I am really hoping someone can offer us some help.

My mother and father in law moved to catalonia 4 years ago and are official residents there. They both have english wills. Unfortunately, my father in law passed away in Spain in March this year leaving my mother in law on her own. She wants to sell the property and move back to the uk. 

My father in law leaves everything to her in the will, however, the notary will not accept the English Will. We are having all sorts of issues trying to sort this out! We have had the will officially translated which is what the notary initially wanted. We went to them again and they have now requested an apostille de la haya....I have now got that from the UK legalisation office. The Notary are still not convinced  that this is enough as they have no proof that this is the final will and testemant of my father in law................we cant afford a anglo spanish lawyer and are really struggling with the local legal system. Is there anything else we can expect to be asked for? Has anyone else been in a similar situation and can offer some advice as to what I need to do now.

This is a really stressful time for my mother in law and husband who just want to be back in the UK


----------



## jojo (Sep 20, 2007)

taradiamnd said:


> I am really hoping someone can offer us some help.
> 
> My mother and father in law moved to catalonia 4 years ago and are official residents there. They both have english wills. Unfortunately, my father in law passed away in Spain in March this year leaving my mother in law on her own. She wants to sell the property and move back to the uk.
> 
> ...



I know very little about wills etc. Altho I think the issue is whether a British will is valid in Spain????????? Spain does have its own rather strange inheritance laws and I think property isnt automatically left to the spouse - its usually the kids I think?? and death duties have to paid prior to the property being sold???!! But this is just bits and pieces I've picked up and may not be accurate

Maybe speak to the British Embassy in Spain, cos you're going to need some conclusive advice and help?????

Jo xxx


----------



## taradiamnd (Aug 17, 2010)

Thanks Jo, yes, it is a little worrying as after doing afew days research on the intrne, it does seem that most english wills arent valid in Spain.
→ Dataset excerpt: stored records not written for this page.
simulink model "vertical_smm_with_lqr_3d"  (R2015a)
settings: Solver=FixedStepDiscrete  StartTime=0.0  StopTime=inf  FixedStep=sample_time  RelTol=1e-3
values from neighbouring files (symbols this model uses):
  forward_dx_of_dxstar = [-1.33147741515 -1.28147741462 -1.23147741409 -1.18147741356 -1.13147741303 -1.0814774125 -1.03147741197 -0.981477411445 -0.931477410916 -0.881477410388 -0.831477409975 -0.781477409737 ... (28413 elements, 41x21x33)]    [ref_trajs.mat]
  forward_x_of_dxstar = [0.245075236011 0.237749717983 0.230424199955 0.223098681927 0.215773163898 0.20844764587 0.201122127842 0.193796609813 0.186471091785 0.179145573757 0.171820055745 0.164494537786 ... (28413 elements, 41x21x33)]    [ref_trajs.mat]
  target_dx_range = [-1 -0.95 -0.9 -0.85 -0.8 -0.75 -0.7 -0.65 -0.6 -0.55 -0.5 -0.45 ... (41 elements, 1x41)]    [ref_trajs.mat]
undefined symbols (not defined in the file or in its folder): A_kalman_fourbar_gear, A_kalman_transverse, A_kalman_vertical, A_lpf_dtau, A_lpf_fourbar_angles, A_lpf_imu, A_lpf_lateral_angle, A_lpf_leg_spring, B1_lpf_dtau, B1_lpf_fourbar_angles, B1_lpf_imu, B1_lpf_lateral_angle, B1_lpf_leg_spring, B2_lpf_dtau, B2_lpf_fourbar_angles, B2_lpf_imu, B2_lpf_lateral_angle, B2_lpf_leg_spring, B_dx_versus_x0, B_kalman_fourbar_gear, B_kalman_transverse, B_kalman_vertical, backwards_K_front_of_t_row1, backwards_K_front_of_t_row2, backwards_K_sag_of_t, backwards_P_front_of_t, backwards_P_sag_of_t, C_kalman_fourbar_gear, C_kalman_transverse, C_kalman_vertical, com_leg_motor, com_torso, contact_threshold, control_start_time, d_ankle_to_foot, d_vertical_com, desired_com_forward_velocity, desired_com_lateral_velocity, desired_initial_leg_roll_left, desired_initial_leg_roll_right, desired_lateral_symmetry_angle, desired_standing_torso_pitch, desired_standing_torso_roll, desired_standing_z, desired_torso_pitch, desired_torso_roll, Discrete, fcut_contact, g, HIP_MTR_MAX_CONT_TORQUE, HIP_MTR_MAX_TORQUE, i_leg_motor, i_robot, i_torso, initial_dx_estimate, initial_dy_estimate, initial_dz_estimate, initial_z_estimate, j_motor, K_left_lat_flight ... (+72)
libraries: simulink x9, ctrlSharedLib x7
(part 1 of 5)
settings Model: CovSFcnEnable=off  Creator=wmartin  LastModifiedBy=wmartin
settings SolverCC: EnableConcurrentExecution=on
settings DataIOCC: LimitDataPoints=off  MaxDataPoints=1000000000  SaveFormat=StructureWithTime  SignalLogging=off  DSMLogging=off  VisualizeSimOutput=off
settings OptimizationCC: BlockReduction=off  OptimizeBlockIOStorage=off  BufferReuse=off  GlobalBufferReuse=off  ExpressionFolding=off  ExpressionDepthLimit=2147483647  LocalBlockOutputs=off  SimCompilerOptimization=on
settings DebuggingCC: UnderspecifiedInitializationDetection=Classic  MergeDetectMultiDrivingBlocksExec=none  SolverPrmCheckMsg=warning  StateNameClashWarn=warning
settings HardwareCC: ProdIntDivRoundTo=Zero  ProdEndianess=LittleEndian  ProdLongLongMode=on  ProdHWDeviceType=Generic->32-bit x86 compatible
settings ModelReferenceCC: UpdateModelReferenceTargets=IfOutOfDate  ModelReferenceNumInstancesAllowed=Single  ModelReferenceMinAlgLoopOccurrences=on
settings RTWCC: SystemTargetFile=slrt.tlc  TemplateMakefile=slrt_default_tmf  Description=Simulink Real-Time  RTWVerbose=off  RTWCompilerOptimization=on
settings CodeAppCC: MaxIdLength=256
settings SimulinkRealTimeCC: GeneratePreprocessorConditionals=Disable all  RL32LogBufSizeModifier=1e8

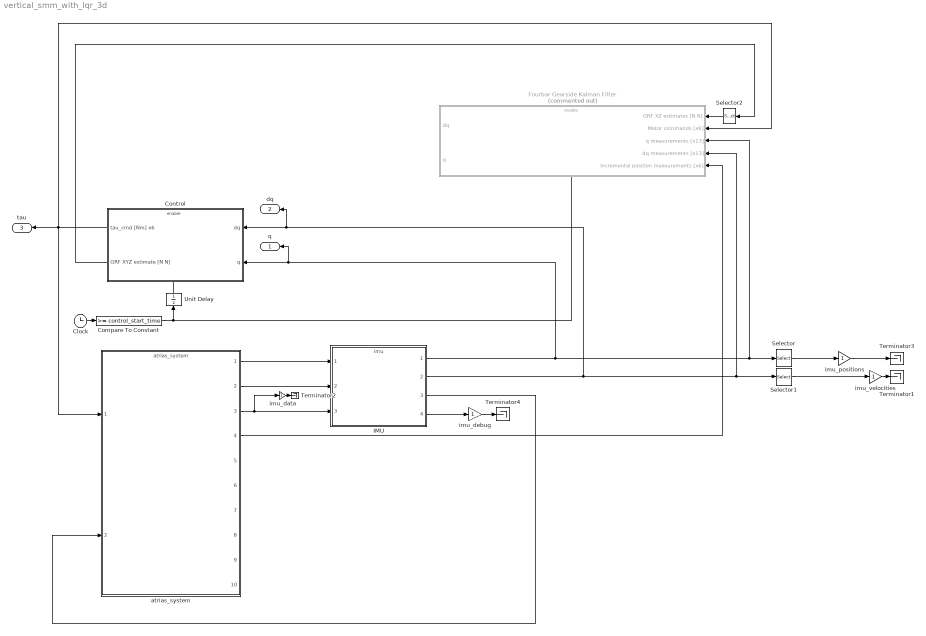
== system vertical_smm_with_lqr_3d ==
  Clock : Clock
  Compare To Constant : simulink/Logic and Bit Operations/Compare To Constant  relop=>=  const=control_start_time  OutDataTypeStr=boolean
  Control : Subsystem
  Fourbar Gearside Kalman Filter : Subsystem  Commented=on
  IMU : ModelReference  ModelNameDialog=imu  SimulationMode=Normal  ModelReferenceVersion=1.2453  CopyOfModelName=imu  DefaultDataLogging=on
  Selector : Selector  InputPortWidth=13  Indices=[11 12 13]
  Selector1 : Selector  InputPortWidth=13  Indices=[11 12 13]
  Selector2 : Selector  InputPortWidth=3  Indices=[1 3]
  Terminator{1..4} (4 alike) : Terminator
  Unit Delay : UnitDelay  SampleTime=-1
  atrias_system : ModelReference  ModelNameDialog=atrias_system  SimulationMode=Normal  ModelReferenceVersion=1.2798  CopyOfModelName=atrias_system  DefaultDataLogging=on
  imu_data : Gain
  imu_debug : Gain
  imu_positions : Gain
  imu_velocities : Gain
  q : Outport
  dq : Outport  Port=2
  tau : Outport  Port=3
  wires:
  Clock/1 -> Compare To Constant/1
  Compare To Constant/1 -> Unit Delay/1, Fourbar Gearside Kalman Filter/Enable
  imu_data/1 -> Terminator2/1
  imu_velocities/1 -> Terminator1/1
  imu_positions/1 -> Terminator3/1
  imu_debug/1 -> Terminator4/1
  IMU/4 -> imu_debug/1
  Selector/1 -> imu_positions/1
  Selector1/1 -> imu_velocities/1
  atrias_system/1 -> IMU/1
  Control/2(GRF XYZ estimate [N N]) -> Selector2/1
  IMU/1 -> q/1, Control/2(q), Fourbar Gearside Kalman Filter/3(q measurements [x13]), Selector/1
  Control/1(tau_cmd [Nm] x6) -> atrias_system/1, tau/1, Fourbar Gearside Kalman Filter/2(Motor commands [x6])
  atrias_system/2 -> IMU/2
  atrias_system/3 -> imu_data/1, IMU/3
  IMU/3 -> atrias_system/2
  Selector2/1 -> Fourbar Gearside Kalman Filter/1(GRF XZ estimates [N N])
  Unit Delay/1 -> Control/Enable
  atrias_system/4 -> Fourbar Gearside Kalman Filter/5(Incremental position measurements [x6])
  IMU/2 -> dq/1, Control/1(dq), Selector1/1, Fourbar Gearside Kalman Filter/4(dq measurements [x13])

== system vertical_smm_with_lqr_3d/Control ==
  dq : Inport
  q : Inport  Port=2
  Enable : EnablePort  StatesWhenEnabling=reset  PropagateVarSize=During execution
  Actuator Control : ModelReference  ModelNameDialog=actuator_control  SimulationMode=Normal  ModelReferenceVersion=1.160  CopyOfModelName=actuator_control  DefaultDataLogging=on
  Behavior Control : Subsystem
  Filter Velocities : Subsystem
  tau_cmd [Nm] x6 : Outport  InitialOutput=[0 0 0 0 0 0]
  GRF XYZ estimate [N N] : Outport  Port=2  InitialOutput=[0 0 0]
  wires:
  q/1 -> Actuator Control/4, Behavior Control/2(q)
  Behavior Control/1(Motor Torque Command [Nm] x6) -> Actuator Control/1
  Actuator Control/1 -> tau_cmd [Nm] x6/1
  Behavior Control/2(SEA Torque Velocity Command [Nm] x4) -> Actuator Control/2
  Behavior Control/3(Force / Position Control [1/0] x4) -> Actuator Control/3
  Behavior Control/4(GRF XYZ estimates [N N N]) -> GRF XYZ estimate [N N]/1
  Filter Velocities/1(filtered dq) -> Actuator Control/5, Behavior Control/1(dq)
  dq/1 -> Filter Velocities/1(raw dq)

its proving to be a real nightmare........I have just spoken to the British consulate and all they could do was to tell me to get a solicitor. Admittedly, they were really helpful and gave me a list of people who could help. Trouble is, mother in law has no money or savings to pay their fees until the property is sold. We cant sell the property until we get the paperwork sorted :juggle: Hubbie is sending money over when he can but he's trying to support me and our baby too as I only work part time now. Its all a big mess and understandably, we are all really stressed out by it. 

XXX


----------



## Stravinsky (Aug 12, 2007)

taradiamnd said:


> I am really hoping someone can offer us some help.
> 
> My mother and father in law moved to catalonia 4 years ago and are official residents there. They both have english wills. Unfortunately, my father in law passed away in Spain in March this year leaving my mother in law on her own. She wants to sell the property and move back to the uk.
> 
> ...


Well the correct way of doing things is to have a Spanish will made up to mirror the UK will. The Spanish will is notarised. In that way when this happens the Spanish will (although it defers to the UK will in relation to who gets what) is used.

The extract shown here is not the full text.